* [Task prompt]: For each line in the data that includes "GBCBIG", make a copy.
::::::::
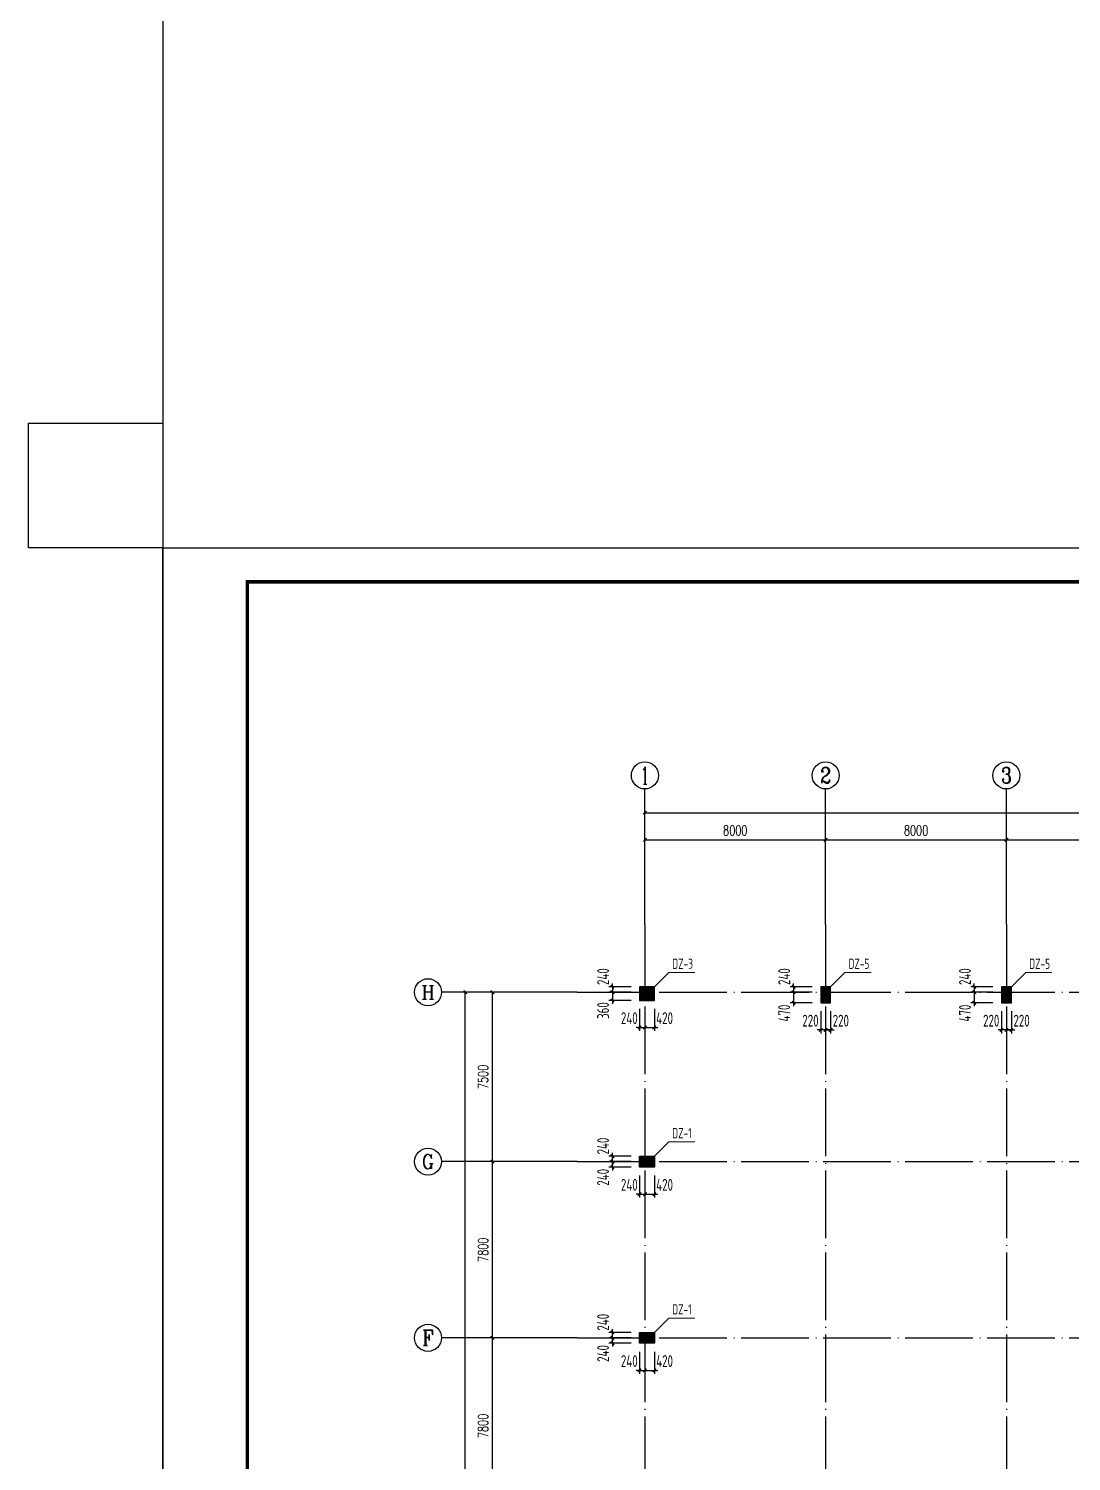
# Model space of a CAD drawing. Header units: millimetres. Extents: x 6950065 to 7140129, y 16284814 to 19754034.
# Drawn here: x 6950065 to 6996217, y 18830538 to 18893966 of the extents above; entities that cross this region are included whole.
import ezdxf
from ezdxf.enums import TextEntityAlignment as Align

# ---------------------------------------------------------------- set-up
doc = ezdxf.new("R2010")
doc.units = ezdxf.units.MM
doc.header["$LTSCALE"] = 1500
doc.header["$MEASUREMENT"] = 0
doc.linetypes.add('DOTE', pattern=[2.42, 2, -0.2, 0.02, -0.2])
doc.layers.get('Defpoints').update_dxf_attribs({"color": 1})
for name, color, linetype in [('AXIS_TEXT', 7, 'Continuous'), ('COLU', 253, 'Continuous'), ('COLU_DIM', 3, 'Continuous'), ('COLU_HATCH', 251, 'Continuous'), ('COLUMN', 2, 'Continuous'), ('C型钢', 6, 'Continuous'), ('DIM_ELEV', 3, 'Continuous'), ('DOTE', 250, 'DOTE'), ('TK', 4, 'Continuous')]:
    doc.layers.add(name, color=color, linetype=linetype)
doc.layers.add('COLU_NUM', color=7, linetype='Continuous', lineweight=0)
doc.styles.add('_TCH_AXIS', font='COMPLEX', dxfattribs={"bigfont": 'GBCBIG'})
doc.styles.add('_TCH_DIM_T3', font='SIMPLEX', dxfattribs={"width": 0.705882, "bigfont": 'GBCBIG'})
doc.styles.add('COMPLEX', font='COMPLEX')
doc.styles.add('TSSD_Dimension', font='Tssdeng.shx', dxfattribs={"width": 0.7, "bigfont": 'hztxt.shx'})
doc.styles.add('TSSD_Label', font='Tssdeng.shx', dxfattribs={"width": 0.7, "bigfont": 'hztxt.shx'})
doc.dimstyles.new('_TCH_ARCH&&150', dxfattribs={"dimtxt": 446.25, "dimasz": 150, "dimexe": 375, "dimexo": 450, "dimgap": 189.375, "dimtad": 1, "dimdec": 0, "dimzin": 0, "dimdsep": 46, "dimtxsty": '_TCH_DIM_T3', "dimblk": 'ARCHTICK', "dimcen": 0.09, "dimclrt": 7, "dimazin": 2, "dimtfac": 1, "dimtdec": 0, "dimtix": 1, "dimtmove": 2, "dimatfit": 3, "dimfxl": 0, "dimtolj": 1, "dimtzin": 0, "dimarcsym": 0})
doc.dimstyles.new('TSSD_150_150', dxfattribs={"dimtxt": 525, "dimasz": 150, "dimexe": 150, "dimexo": 375, "dimgap": 150, "dimtad": 1, "dimdec": 0, "dimzin": 0, "dimdsep": 46, "dimtxsty": 'TSSD_Dimension', "dimblk": 'ARCHTICK', "dimcen": 0, "dimdle": 150, "dimclrt": 7, "dimadec": 0, "dimazin": 0, "dimtfac": 1, "dimtdec": 0, "dimtix": 1, "dimtmove": 2, "dimatfit": 3, "dimfxl": 0, "dimtolj": 1, "dimtzin": 0, "dimarcsym": 0})

# ---------------------------------------------------------------- blocks, each defined once
blk = doc.blocks.new('A$C3ACC4A1C')
at = {"layer": 'COLUMN'}
h = blk.add_hatch(color=256, dxfattribs=at)
h.paths.add_polyline_path([(125, 400), (0, 400), (0, 388), (120, 388), (120, 200), (125, 200)])
h.paths.add_polyline_path([(250, 400), (125, 400), (125, 200), (130, 200), (130, 388), (250, 388)])
h.paths.add_polyline_path([(250, 12), (130, 12), (130, 200), (125, 200), (125, 0), (250, 0)])
h.paths.add_polyline_path([(125, 200), (120, 200), (120, 12), (0, 12), (0, 0), (125, 0)])
blk.add_lwpolyline([(0, 0), (0, 12), (120, 12), (120, 388), (0, 388), (0, 400), (250, 400), (250, 388), (130, 388), (130, 12), (250, 12), (250, 0)], close=True, dxfattribs=at)
blk = doc.blocks.new('_ArchTick')
at = {"color": 0, "linetype": 'ByBlock', "const_width": 0.4}
blk.add_lwpolyline([(-0.5, -0.5), (0.5, 0.5)], dxfattribs=at)
blk = doc.blocks.new('*D671')
at = {"layer": 'COLU_DIM', "color": 0, "lineweight": -2}
for p, q in [((6977102, 18835391), (6977102, 18834416)), ((6977342, 18835391), (6977342, 18834416)), ((6977102, 18834566), (6976952, 18834566)), ((6977102, 18834566), (6977342, 18834566)), ((6977342, 18834566), (6977492, 18834566))]:
    blk.add_line(p, q, dxfattribs=at)
at = {"layer": 'Defpoints', "color": 0}
for p in [(6977102, 18835766), (6977342, 18835766), (6977342, 18834566)]:
    blk.add_point(p, dxfattribs=at)
at = {"layer": 'COLU_DIM', "color": 0, "lineweight": -2, "xscale": 150, "yscale": 150, "zscale": 150}
blk.add_blockref('_ArchTick', (6977102, 18834566), dxfattribs=at)
at = {"layer": 'COLU_DIM', "color": 0, "lineweight": -2, "xscale": 150, "yscale": 150, "zscale": 150, "rotation": 180}
blk.add_blockref('_ArchTick', (6977342, 18834566), dxfattribs=at)
at = {"layer": 'COLU_DIM', "color": 7, "insert": (6976650, 18834978), "char_height": 525, "attachment_point": 5, "style": 'TSSD_Dimension'}
blk.add_mtext('\\A1;240', dxfattribs=at)
blk = doc.blocks.new('*D672')
at = {"layer": 'COLU_DIM', "color": 0, "lineweight": -2}
for p, q in [((6976727, 18836246), (6975752, 18836246)), ((6975902, 18836246), (6975902, 18836396)), ((6975902, 18836006), (6975902, 18836246)), ((6976727, 18836006), (6975752, 18836006)), ((6975902, 18836006), (6975902, 18835856))]:
    blk.add_line(p, q, dxfattribs=at)
at = {"layer": 'Defpoints', "color": 0}
for p in [(6975902, 18836246), (6977102, 18836246), (6977102, 18836006)]:
    blk.add_point(p, dxfattribs=at)
at = {"layer": 'COLU_DIM', "color": 0, "lineweight": -2, "xscale": 150, "yscale": 150, "zscale": 150}
for p, rotation in [((6975902, 18836246), 270), ((6975902, 18836006), 90)]:
    blk.add_blockref('_ArchTick', p, dxfattribs=dict(at, rotation=rotation))
at = {"layer": 'COLU_DIM', "color": 7, "insert": (6975489, 18836697), "char_height": 525, "attachment_point": 5, "rotation": 90, "style": 'TSSD_Dimension'}
blk.add_mtext('\\A1;240', dxfattribs=at)
blk = doc.blocks.new('*D673')
at = {"layer": 'COLU_DIM', "color": 0, "lineweight": -2}
for p, q in [((6975902, 18836006), (6975902, 18836156)), ((6976727, 18836006), (6975752, 18836006)), ((6976727, 18835766), (6975752, 18835766)), ((6975902, 18835766), (6975902, 18836006)), ((6975902, 18835766), (6975902, 18835616))]:
    blk.add_line(p, q, dxfattribs=at)
at = {"layer": 'Defpoints', "color": 0}
for p in [(6975902, 18836006), (6977102, 18836006), (6977102, 18835766)]:
    blk.add_point(p, dxfattribs=at)
at = {"layer": 'COLU_DIM', "color": 0, "lineweight": -2, "xscale": 150, "yscale": 150, "zscale": 150}
for p, rotation in [((6975902, 18836006), 270), ((6975902, 18835766), 90)]:
    blk.add_blockref('_ArchTick', p, dxfattribs=dict(at, rotation=rotation))
at = {"layer": 'COLU_DIM', "color": 7, "insert": (6975489, 18835314), "char_height": 525, "attachment_point": 5, "rotation": 90, "style": 'TSSD_Dimension'}
blk.add_mtext('\\A1;240', dxfattribs=at)
blk = doc.blocks.new('*D674')
at = {"layer": 'COLU_DIM', "color": 0, "lineweight": -2}
for p, q in [((6977342, 18835391), (6977342, 18834416)), ((6977762, 18835391), (6977762, 18834416)), ((6977192, 18834566), (6977912, 18834566))]:
    blk.add_line(p, q, dxfattribs=at)
at = {"layer": 'Defpoints', "color": 0}
for p in [(6977342, 18835766), (6977762, 18835766), (6977762, 18834566)]:
    blk.add_point(p, dxfattribs=at)
at = {"layer": 'COLU_DIM', "color": 0, "lineweight": -2, "xscale": 150, "yscale": 150, "zscale": 150, "rotation": 180}
blk.add_blockref('_ArchTick', (6977342, 18834566), dxfattribs=at)
at = {"layer": 'COLU_DIM', "color": 0, "lineweight": -2, "xscale": 150, "yscale": 150, "zscale": 150}
blk.add_blockref('_ArchTick', (6977762, 18834566), dxfattribs=at)
at = {"layer": 'COLU_DIM', "color": 7, "insert": (6978213, 18834978), "char_height": 525, "attachment_point": 5, "style": 'TSSD_Dimension'}
blk.add_mtext('\\A1;420', dxfattribs=at)
blk = doc.blocks.new('*D683')
at = {"layer": 'COLU_DIM', "color": 0, "lineweight": -2}
for p, q in [((6977102, 18843191), (6977102, 18842216)), ((6977342, 18843191), (6977342, 18842216)), ((6977102, 18842366), (6976952, 18842366)), ((6977102, 18842366), (6977342, 18842366)), ((6977342, 18842366), (6977492, 18842366))]:
    blk.add_line(p, q, dxfattribs=at)
at = {"layer": 'Defpoints', "color": 0}
for p in [(6977102, 18843566), (6977342, 18843566), (6977342, 18842366)]:
    blk.add_point(p, dxfattribs=at)
at = {"layer": 'COLU_DIM', "color": 0, "lineweight": -2, "xscale": 150, "yscale": 150, "zscale": 150}
blk.add_blockref('_ArchTick', (6977102, 18842366), dxfattribs=at)
at = {"layer": 'COLU_DIM', "color": 0, "lineweight": -2, "xscale": 150, "yscale": 150, "zscale": 150, "rotation": 180}
blk.add_blockref('_ArchTick', (6977342, 18842366), dxfattribs=at)
at = {"layer": 'COLU_DIM', "color": 7, "insert": (6976650, 18842778), "char_height": 525, "attachment_point": 5, "style": 'TSSD_Dimension'}
blk.add_mtext('\\A1;240', dxfattribs=at)
blk = doc.blocks.new('*D684')
at = {"layer": 'COLU_DIM', "color": 0, "lineweight": -2}
for p, q in [((6976727, 18844046), (6975752, 18844046)), ((6976727, 18843806), (6975752, 18843806)), ((6975902, 18844046), (6975902, 18844196)), ((6975902, 18843806), (6975902, 18844046)), ((6975902, 18843806), (6975902, 18843656))]:
    blk.add_line(p, q, dxfattribs=at)
at = {"layer": 'Defpoints', "color": 0}
for p in [(6975902, 18844046), (6977102, 18844046), (6977102, 18843806)]:
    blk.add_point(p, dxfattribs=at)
::::::::
* [Result for this exercise]:
doc.styles.add('_TCH_AXIS', font='COMPLEX', dxfattribs={"bigfont": 'GBCBIG'})
doc.styles.add('_TCH_DIM_T3', font='SIMPLEX', dxfattribs={"width": 0.705882, "bigfont": 'GBCBIG'})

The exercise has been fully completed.